Am playing around with the trial version of 6.0.  I've been using 4.4.  I've turned off graphics acceleration as it does not work on my machine (embedded intel graphics only).  I'm seeing some awful behavior in 6.0 versus 4.4 with every slider in the Basic panel of the develop module.  Whenever I move a slider in 6.0, the image momentarily goes fuzzy, almost as if LR instantaneously turned clarity down to -40 or so.  When I stop moving the slider, I then get the desired result and the image is crisp again.  What's up with this fuzziness while I'm moving the slider?  It causes great confusion while trying to make subtle changes.  There's got to be some way to fix this.  Is it related to my preview settings?  Any help is greatly appreciated.  I very much desire to upgrade but this behavior is causing me to pause.


----------



## clee01l (Apr 25, 2015)

I've seen this too.  I think it might be a bug. It is more of an annoyance rather than a critical show stopper.  You can report it to Adobe if you like.
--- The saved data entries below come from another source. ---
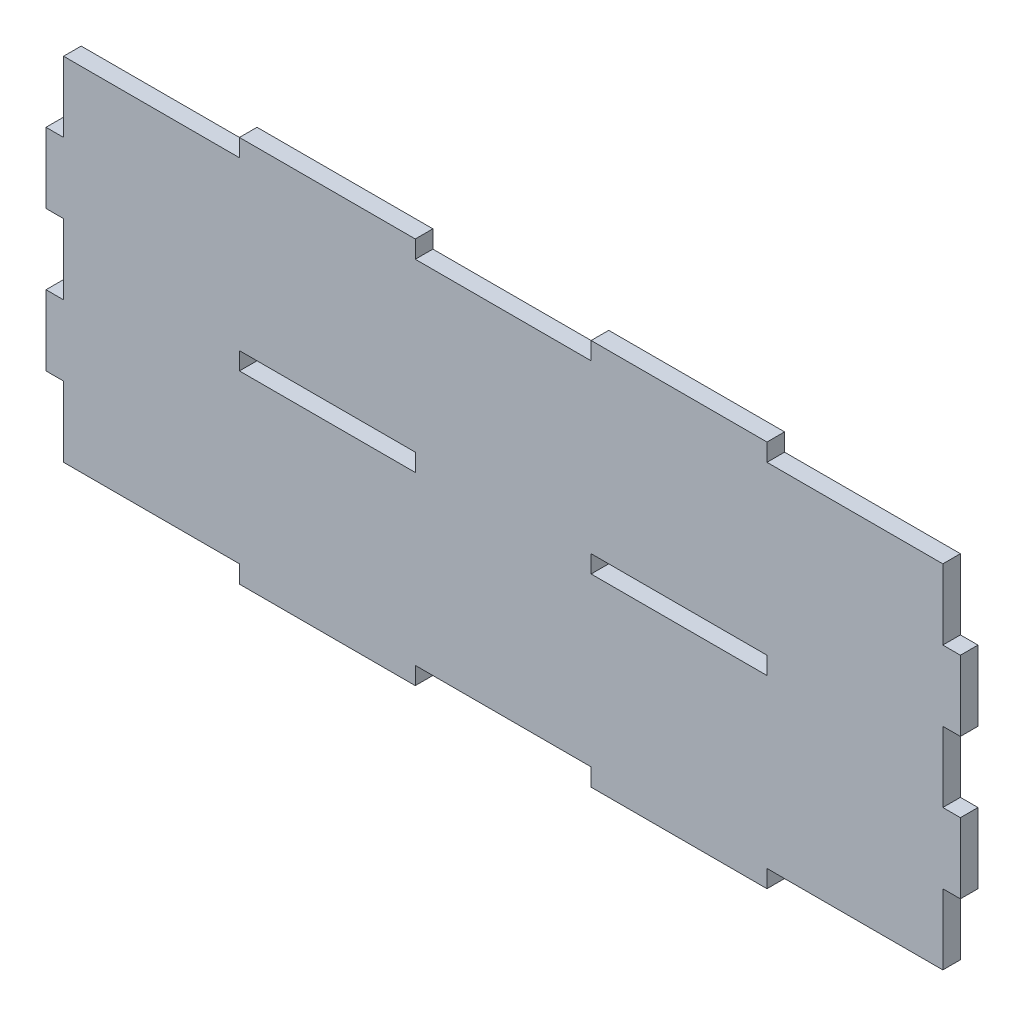
from build123d import *

# Parameters (mm, degrees)
ESBO_O1_W                = 30
ESBO_O1_H                = 3
RESSALTO_EXTRUS_O1_DEPTH = 3


with BuildPart() as part:
    # Esboço1 → Ressalto-extrusão1 (new body)
    with BuildSketch(Plane.XY):
        Polygon((45, 30), (75, 30), (75, 18), (78, 18), (78, 6), (75, 6), (75, -6), (78, -6), (78, -18), (75, -18), (75, -30), (45, -30), (45, -33), (15, -33), (15, -30), (-15, -30), (-15, -33), (-45, -33), (-45, -30), (-75, -30), (-75, -18), (-78, -18), (-78, -6), (-75, -6), (-75, 6), (-78, 6), (-78, 18), (-75, 18), (-75, 30), (-45, 30), (-45, 33), (-15, 33), (-15, 30), (15, 30), (15, 33), (45, 33), align=None)
        with Locations((30, 0)):
            Rectangle(ESBO_O1_W, ESBO_O1_H, mode=Mode.SUBTRACT)
        with Locations((-30, 0)):
            Rectangle(ESBO_O1_W, ESBO_O1_H, mode=Mode.SUBTRACT)
    extrude(amount=RESSALTO_EXTRUS_O1_DEPTH)


solid = part.part
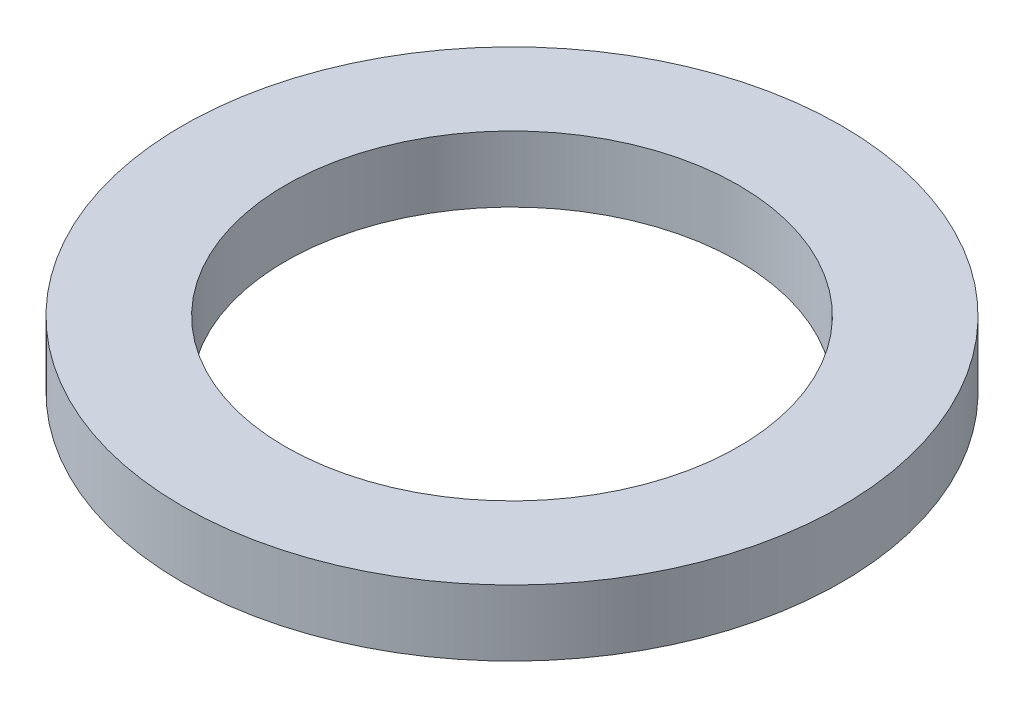
from build123d import *

# Parameters (mm, degrees)
SKETCH1_R           = 16
SKETCH1_R_2         = 11
BOSS_EXTRUDE1_DEPTH = 1.6


with BuildPart() as part:
    # Sketch1 → Boss-Extrude1 (new, symmetric)
    with BuildSketch(Plane(origin=(0, 0, 0), x_dir=(1, 0, 0), z_dir=(0, 1, 0))):
        with Locations(Location((0, 0, 0), (0, 0, 270))):
            Circle(SKETCH1_R)
        with Locations(Location((0, 0, 0), (0, 0, 270))):
            Circle(SKETCH1_R_2, mode=Mode.SUBTRACT)
    extrude(amount=BOSS_EXTRUDE1_DEPTH, both=True)


solid = part.part

Official Bug Report/Feature Request


----------



## davidgp (May 8, 2015)

Well, I submitted the problem but a simple "not reproducible, try restarting" is all I got.  Sigh.  I have been waiting for 6.0 for a long time now and am bitterly disappointed that I can't use it.  I've wanted the LR5 features ever since 5.0 was released but decided to wait until 6 came out... what a huge mistake.  LR6 is simply not usable in its current form on my laptop.  Guess I'll have to wait for 7.0 or a new computer.  I know gpu compatibility is a pain for developers (I was a program mgr for 3D CAD programs so I'm well versed in the challenges), but I don't have a separate gpu in this computer, so why isn't it simply using the LR5 code path to render the image?!?  I am so frustrated.

I'm open to any suggestions.  Thanks for letting me rant.

David


----------



## IanGains58 (May 8, 2015)

Would upgrading to LR5.7.1 be an option for you ?
Cheaper than a new PC & if it supports your camera(s), why not give it a go ?


----------



## davidgp (May 8, 2015)

Yes, that is a good idea.  I was thinking 5.7 is no longer available, but I guess I could pick it up on ebay or elsewhere.

I see only two problems with this:
1 - I don't get the stitching system in LR6.  This is an issue b/c I don't have Photoshop, only Elements, and it generates 8-bit results, limiting the amount of processing that can be done after the stitching.
2 - The LR5 stream is dead, with no updates for new fixes or new cameras/lenses.

But it is a real option to consider... thanks for the idea.


----------